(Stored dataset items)
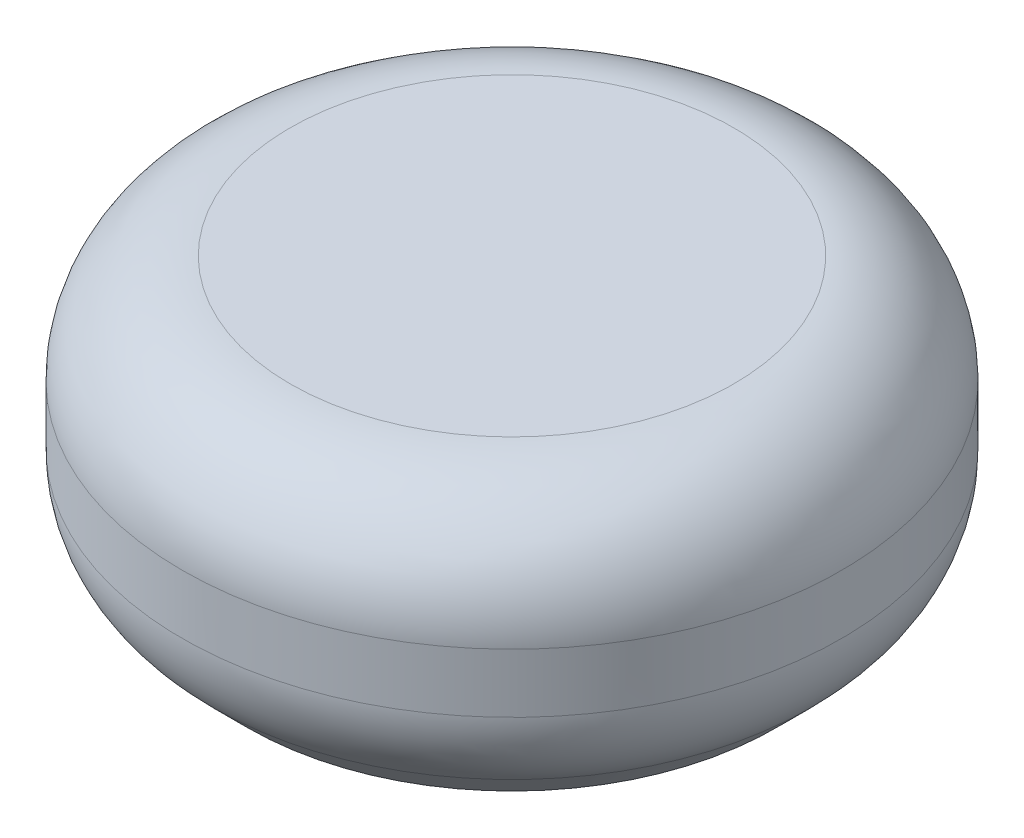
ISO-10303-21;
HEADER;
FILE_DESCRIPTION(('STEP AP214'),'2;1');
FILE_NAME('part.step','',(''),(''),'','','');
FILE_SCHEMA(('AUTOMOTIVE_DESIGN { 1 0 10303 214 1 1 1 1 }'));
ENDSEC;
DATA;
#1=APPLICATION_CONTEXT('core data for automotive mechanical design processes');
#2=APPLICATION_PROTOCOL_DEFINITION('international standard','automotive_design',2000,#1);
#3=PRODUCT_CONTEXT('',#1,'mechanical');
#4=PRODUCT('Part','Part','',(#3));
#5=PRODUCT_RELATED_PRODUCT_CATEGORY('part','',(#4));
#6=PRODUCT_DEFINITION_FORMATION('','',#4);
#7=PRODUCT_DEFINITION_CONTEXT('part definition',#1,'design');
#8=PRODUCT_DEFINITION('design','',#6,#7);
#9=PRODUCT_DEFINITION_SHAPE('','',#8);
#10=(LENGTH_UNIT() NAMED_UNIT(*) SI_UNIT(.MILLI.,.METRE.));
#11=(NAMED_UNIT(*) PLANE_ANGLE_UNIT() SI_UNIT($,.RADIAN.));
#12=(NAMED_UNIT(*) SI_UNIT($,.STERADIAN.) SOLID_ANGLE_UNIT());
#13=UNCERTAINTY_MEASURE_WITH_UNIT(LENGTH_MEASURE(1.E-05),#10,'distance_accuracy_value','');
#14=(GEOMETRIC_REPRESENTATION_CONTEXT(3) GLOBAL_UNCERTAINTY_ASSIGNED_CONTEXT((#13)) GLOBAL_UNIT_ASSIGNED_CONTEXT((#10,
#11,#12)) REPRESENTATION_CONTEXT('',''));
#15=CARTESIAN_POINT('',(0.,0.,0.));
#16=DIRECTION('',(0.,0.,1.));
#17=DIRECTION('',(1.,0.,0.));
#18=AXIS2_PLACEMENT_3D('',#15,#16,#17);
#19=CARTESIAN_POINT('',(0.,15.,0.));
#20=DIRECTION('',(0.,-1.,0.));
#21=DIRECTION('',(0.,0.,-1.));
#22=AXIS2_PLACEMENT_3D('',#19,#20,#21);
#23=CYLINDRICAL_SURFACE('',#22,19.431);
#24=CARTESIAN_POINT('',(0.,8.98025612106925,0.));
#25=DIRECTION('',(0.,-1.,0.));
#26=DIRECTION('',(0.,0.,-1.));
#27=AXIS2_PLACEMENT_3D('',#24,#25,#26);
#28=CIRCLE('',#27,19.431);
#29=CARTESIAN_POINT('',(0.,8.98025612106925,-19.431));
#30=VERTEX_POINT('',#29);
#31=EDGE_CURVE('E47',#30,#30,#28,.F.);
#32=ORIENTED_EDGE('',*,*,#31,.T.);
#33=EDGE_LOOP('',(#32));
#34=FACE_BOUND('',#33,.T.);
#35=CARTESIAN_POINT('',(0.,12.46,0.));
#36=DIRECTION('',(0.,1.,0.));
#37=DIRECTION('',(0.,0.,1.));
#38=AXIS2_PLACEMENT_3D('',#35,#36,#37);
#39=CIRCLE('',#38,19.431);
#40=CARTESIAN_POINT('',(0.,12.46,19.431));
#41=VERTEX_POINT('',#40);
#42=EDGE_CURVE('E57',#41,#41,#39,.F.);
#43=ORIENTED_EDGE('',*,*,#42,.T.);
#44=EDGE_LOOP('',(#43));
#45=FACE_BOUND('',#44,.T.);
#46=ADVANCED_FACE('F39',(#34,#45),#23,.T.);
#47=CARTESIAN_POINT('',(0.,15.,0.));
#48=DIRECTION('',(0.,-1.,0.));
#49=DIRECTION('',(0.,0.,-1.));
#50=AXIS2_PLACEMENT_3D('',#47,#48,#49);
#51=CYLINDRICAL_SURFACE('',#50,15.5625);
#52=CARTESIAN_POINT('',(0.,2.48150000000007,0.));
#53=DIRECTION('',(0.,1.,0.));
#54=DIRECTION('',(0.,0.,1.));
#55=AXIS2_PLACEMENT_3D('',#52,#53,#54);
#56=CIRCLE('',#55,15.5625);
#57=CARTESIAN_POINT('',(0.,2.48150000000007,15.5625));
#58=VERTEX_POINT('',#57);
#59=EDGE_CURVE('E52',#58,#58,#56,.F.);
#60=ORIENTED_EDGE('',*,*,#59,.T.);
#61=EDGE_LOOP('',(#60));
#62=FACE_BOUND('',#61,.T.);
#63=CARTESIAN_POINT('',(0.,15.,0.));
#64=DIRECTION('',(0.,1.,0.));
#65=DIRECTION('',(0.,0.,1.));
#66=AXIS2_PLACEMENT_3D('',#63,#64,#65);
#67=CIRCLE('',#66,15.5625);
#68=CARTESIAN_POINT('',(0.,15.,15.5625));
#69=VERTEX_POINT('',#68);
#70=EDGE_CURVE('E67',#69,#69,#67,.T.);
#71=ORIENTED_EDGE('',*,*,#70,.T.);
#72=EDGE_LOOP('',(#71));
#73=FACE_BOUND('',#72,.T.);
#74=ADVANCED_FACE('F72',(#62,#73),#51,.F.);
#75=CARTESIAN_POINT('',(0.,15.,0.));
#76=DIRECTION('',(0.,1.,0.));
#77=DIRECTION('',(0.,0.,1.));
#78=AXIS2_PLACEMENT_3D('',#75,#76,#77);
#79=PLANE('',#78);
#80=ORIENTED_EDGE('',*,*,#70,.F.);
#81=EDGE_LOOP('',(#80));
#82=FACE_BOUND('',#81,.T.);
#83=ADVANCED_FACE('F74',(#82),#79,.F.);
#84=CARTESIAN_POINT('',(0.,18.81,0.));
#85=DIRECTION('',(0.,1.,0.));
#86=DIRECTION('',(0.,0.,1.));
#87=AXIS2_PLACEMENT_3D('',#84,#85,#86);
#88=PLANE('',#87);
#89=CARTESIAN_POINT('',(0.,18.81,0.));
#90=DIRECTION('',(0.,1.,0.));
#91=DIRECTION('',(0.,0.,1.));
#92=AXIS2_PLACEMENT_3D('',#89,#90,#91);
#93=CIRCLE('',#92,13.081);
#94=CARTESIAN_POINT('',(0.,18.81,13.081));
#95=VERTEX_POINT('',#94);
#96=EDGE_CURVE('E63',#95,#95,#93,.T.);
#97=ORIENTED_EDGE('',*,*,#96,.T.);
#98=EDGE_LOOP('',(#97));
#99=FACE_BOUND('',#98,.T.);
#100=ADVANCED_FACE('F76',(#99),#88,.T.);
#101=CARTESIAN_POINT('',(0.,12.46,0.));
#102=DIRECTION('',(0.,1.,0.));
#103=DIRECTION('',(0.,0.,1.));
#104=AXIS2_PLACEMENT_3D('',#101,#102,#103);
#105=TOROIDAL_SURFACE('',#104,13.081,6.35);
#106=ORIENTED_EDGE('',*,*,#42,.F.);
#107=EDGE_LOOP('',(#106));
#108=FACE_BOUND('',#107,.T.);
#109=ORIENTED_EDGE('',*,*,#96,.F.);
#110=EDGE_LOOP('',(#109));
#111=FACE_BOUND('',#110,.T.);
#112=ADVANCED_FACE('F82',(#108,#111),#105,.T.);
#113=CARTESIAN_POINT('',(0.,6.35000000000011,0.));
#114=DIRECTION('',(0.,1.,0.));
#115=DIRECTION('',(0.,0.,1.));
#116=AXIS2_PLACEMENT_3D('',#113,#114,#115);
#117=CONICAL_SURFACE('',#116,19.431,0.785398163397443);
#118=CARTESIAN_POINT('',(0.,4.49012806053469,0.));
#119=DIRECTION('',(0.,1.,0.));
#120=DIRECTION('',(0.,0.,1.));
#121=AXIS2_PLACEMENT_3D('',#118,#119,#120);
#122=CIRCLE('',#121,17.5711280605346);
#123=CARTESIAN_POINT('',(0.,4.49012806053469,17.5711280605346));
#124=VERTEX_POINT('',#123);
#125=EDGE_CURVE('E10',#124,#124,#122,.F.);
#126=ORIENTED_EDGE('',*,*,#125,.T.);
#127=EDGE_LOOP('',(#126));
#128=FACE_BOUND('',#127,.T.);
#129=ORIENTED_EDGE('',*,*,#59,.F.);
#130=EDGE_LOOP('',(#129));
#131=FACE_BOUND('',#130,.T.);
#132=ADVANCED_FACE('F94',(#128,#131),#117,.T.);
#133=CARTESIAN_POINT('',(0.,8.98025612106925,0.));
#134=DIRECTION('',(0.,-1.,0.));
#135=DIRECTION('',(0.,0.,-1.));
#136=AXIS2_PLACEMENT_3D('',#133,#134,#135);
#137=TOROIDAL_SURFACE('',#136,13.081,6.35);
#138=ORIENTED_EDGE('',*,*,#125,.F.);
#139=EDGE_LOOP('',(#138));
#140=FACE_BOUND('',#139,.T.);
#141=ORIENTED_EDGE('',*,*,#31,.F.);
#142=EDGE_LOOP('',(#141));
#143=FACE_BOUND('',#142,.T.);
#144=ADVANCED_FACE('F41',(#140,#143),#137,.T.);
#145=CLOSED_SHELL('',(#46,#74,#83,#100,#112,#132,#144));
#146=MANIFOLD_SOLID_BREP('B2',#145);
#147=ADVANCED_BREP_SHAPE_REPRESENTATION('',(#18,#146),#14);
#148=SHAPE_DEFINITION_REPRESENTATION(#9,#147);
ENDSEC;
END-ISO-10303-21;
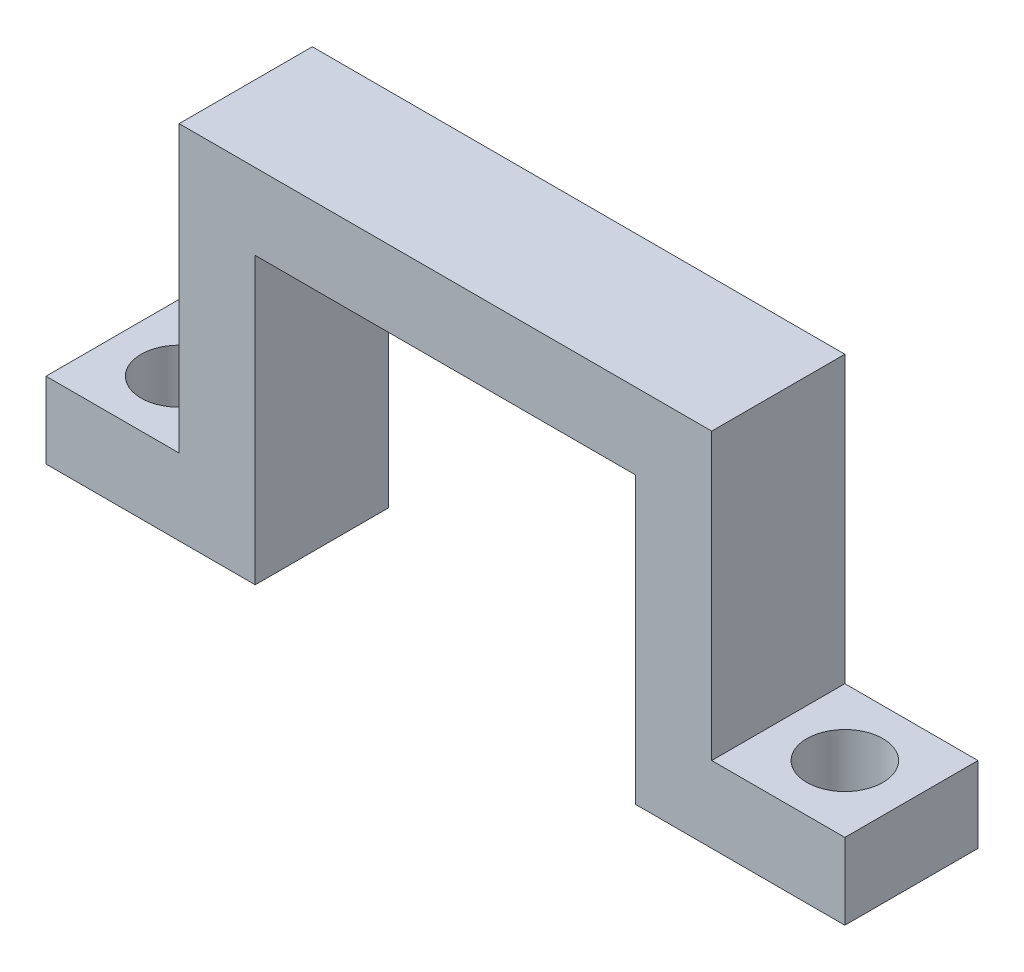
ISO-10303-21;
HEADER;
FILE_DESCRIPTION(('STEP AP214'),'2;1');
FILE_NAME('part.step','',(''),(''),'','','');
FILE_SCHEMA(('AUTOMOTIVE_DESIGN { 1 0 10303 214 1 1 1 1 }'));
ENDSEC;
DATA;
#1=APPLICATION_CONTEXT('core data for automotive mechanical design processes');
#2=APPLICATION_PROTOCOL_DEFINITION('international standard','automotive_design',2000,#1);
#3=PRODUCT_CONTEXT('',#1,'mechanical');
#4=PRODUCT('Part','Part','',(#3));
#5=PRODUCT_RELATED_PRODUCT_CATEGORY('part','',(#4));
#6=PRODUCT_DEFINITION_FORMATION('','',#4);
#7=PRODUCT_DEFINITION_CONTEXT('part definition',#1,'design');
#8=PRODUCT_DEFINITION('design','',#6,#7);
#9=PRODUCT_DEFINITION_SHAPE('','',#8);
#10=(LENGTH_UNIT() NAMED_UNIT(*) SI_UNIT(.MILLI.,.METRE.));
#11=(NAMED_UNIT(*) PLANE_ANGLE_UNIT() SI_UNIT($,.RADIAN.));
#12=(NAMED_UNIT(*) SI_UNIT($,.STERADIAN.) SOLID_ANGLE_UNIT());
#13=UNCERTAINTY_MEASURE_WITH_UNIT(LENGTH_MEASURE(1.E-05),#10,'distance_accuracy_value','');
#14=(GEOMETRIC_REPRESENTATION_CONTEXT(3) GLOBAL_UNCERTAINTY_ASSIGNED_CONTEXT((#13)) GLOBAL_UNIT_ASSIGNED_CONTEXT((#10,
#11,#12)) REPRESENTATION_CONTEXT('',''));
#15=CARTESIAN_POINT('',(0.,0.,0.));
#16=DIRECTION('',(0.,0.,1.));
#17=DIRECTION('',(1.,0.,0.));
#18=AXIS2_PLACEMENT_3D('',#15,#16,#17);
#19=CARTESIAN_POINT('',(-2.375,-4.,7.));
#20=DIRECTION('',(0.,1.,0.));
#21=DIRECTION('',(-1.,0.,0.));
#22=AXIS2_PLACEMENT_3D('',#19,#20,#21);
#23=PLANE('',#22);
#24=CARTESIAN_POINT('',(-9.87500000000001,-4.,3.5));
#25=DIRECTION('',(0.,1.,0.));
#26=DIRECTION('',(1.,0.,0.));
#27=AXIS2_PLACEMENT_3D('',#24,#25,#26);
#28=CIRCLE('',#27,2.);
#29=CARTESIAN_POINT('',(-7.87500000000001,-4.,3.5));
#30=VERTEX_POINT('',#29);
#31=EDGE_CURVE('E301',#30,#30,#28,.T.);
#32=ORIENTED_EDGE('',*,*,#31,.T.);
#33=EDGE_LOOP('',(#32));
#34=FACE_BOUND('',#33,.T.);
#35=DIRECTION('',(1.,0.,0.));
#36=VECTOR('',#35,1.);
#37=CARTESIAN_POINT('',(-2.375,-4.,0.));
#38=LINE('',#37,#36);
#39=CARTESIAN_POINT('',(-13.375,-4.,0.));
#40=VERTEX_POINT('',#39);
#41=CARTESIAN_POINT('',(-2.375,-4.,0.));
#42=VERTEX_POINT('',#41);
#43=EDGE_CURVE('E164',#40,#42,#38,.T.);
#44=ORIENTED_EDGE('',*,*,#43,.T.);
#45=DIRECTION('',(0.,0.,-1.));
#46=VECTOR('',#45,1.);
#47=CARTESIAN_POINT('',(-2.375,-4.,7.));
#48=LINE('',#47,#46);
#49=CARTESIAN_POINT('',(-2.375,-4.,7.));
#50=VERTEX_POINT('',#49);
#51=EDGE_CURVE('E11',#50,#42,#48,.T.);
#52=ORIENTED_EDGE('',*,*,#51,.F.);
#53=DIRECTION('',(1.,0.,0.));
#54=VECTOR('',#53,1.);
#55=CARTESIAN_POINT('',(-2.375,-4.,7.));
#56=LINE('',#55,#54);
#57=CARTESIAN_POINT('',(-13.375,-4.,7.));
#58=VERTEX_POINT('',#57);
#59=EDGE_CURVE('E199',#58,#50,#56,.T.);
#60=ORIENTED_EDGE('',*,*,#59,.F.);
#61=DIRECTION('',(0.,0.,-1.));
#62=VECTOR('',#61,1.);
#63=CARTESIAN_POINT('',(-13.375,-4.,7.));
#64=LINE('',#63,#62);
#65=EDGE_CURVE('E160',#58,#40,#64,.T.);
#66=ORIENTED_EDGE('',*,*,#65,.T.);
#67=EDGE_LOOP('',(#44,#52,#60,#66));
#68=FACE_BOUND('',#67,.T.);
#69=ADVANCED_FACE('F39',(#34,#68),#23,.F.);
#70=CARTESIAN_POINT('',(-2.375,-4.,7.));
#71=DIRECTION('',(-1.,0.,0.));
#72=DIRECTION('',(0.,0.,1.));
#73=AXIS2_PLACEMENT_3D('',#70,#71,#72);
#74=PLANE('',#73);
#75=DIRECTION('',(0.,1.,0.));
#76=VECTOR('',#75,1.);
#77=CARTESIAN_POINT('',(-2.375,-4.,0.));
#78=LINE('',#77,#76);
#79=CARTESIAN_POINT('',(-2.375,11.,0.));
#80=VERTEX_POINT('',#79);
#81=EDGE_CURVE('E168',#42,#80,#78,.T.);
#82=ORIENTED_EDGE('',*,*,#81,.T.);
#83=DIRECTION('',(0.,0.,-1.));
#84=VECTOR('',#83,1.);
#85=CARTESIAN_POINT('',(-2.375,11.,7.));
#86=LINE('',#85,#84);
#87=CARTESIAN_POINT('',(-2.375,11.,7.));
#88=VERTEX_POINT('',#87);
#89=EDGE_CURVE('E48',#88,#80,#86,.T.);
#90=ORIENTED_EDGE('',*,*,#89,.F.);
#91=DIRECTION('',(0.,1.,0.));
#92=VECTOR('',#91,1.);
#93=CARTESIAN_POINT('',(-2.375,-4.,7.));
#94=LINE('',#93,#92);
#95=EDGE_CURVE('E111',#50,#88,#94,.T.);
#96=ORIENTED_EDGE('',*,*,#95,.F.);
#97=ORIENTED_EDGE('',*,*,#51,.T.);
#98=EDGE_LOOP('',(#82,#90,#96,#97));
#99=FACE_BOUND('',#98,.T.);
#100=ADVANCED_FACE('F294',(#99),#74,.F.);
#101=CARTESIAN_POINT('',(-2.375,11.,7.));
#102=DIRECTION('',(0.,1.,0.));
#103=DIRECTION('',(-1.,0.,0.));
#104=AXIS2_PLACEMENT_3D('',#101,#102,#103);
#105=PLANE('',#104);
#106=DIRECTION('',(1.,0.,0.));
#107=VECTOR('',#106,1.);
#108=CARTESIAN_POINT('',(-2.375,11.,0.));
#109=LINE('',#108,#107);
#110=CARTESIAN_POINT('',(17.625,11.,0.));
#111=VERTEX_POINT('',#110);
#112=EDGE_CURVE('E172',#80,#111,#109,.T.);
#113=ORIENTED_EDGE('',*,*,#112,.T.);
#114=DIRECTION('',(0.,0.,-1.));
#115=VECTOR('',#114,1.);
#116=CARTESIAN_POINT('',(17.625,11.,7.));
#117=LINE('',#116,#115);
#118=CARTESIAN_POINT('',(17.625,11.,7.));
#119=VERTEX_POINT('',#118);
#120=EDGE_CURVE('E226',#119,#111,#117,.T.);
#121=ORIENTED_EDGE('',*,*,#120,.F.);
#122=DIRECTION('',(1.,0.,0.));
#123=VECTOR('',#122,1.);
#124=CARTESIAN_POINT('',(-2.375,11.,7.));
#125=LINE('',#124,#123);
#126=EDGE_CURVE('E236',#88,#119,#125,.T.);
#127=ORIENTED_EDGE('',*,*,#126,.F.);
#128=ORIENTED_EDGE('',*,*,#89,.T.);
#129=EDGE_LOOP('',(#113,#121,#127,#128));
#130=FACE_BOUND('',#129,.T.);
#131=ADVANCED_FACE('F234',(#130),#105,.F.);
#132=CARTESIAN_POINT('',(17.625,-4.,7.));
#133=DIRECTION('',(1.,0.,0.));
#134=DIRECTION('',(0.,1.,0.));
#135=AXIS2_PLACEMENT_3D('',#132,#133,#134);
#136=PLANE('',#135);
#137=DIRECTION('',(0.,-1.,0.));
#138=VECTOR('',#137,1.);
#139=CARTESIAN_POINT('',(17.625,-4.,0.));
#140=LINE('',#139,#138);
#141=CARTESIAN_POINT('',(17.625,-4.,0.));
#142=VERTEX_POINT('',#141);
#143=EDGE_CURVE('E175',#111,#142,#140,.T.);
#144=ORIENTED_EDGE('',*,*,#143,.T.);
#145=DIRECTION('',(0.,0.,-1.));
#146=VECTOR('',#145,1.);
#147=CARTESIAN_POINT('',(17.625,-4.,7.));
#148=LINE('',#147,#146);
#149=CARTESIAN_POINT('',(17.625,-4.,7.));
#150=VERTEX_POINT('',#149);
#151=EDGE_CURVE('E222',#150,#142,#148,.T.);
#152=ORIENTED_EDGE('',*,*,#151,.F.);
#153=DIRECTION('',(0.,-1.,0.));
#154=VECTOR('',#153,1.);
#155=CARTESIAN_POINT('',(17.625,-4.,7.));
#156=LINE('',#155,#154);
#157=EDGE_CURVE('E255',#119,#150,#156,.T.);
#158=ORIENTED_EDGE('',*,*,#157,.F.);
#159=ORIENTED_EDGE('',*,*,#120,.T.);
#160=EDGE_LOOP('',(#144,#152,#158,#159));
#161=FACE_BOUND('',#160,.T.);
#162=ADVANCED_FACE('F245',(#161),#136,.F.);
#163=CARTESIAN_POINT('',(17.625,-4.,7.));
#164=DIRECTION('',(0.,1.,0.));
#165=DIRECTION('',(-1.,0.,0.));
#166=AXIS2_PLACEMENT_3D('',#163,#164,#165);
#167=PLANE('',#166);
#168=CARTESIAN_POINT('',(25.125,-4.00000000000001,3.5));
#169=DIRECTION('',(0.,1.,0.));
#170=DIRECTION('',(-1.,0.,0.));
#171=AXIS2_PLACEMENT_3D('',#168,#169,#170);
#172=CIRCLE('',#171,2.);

=== What this task involves ===
Would you copy, unchanged, the stretch of the records above that begins at the line containing "#64=DIRECTION('',(0.,1.,0.));" and ends at the line containing "#73=FACE_BOUND('',#72,.T.);", and only that?

=== Problem solution ===
#64=DIRECTION('',(0.,1.,0.));
#65=DIRECTION('',(0.,0.,1.));
#66=AXIS2_PLACEMENT_3D('',#63,#64,#65);
#67=CIRCLE('',#66,15.5625);
#68=CARTESIAN_POINT('',(0.,15.,15.5625));
#69=VERTEX_POINT('',#68);
#70=EDGE_CURVE('E67',#69,#69,#67,.T.);
#71=ORIENTED_EDGE('',*,*,#70,.T.);
#72=EDGE_LOOP('',(#71));
#73=FACE_BOUND('',#72,.T.);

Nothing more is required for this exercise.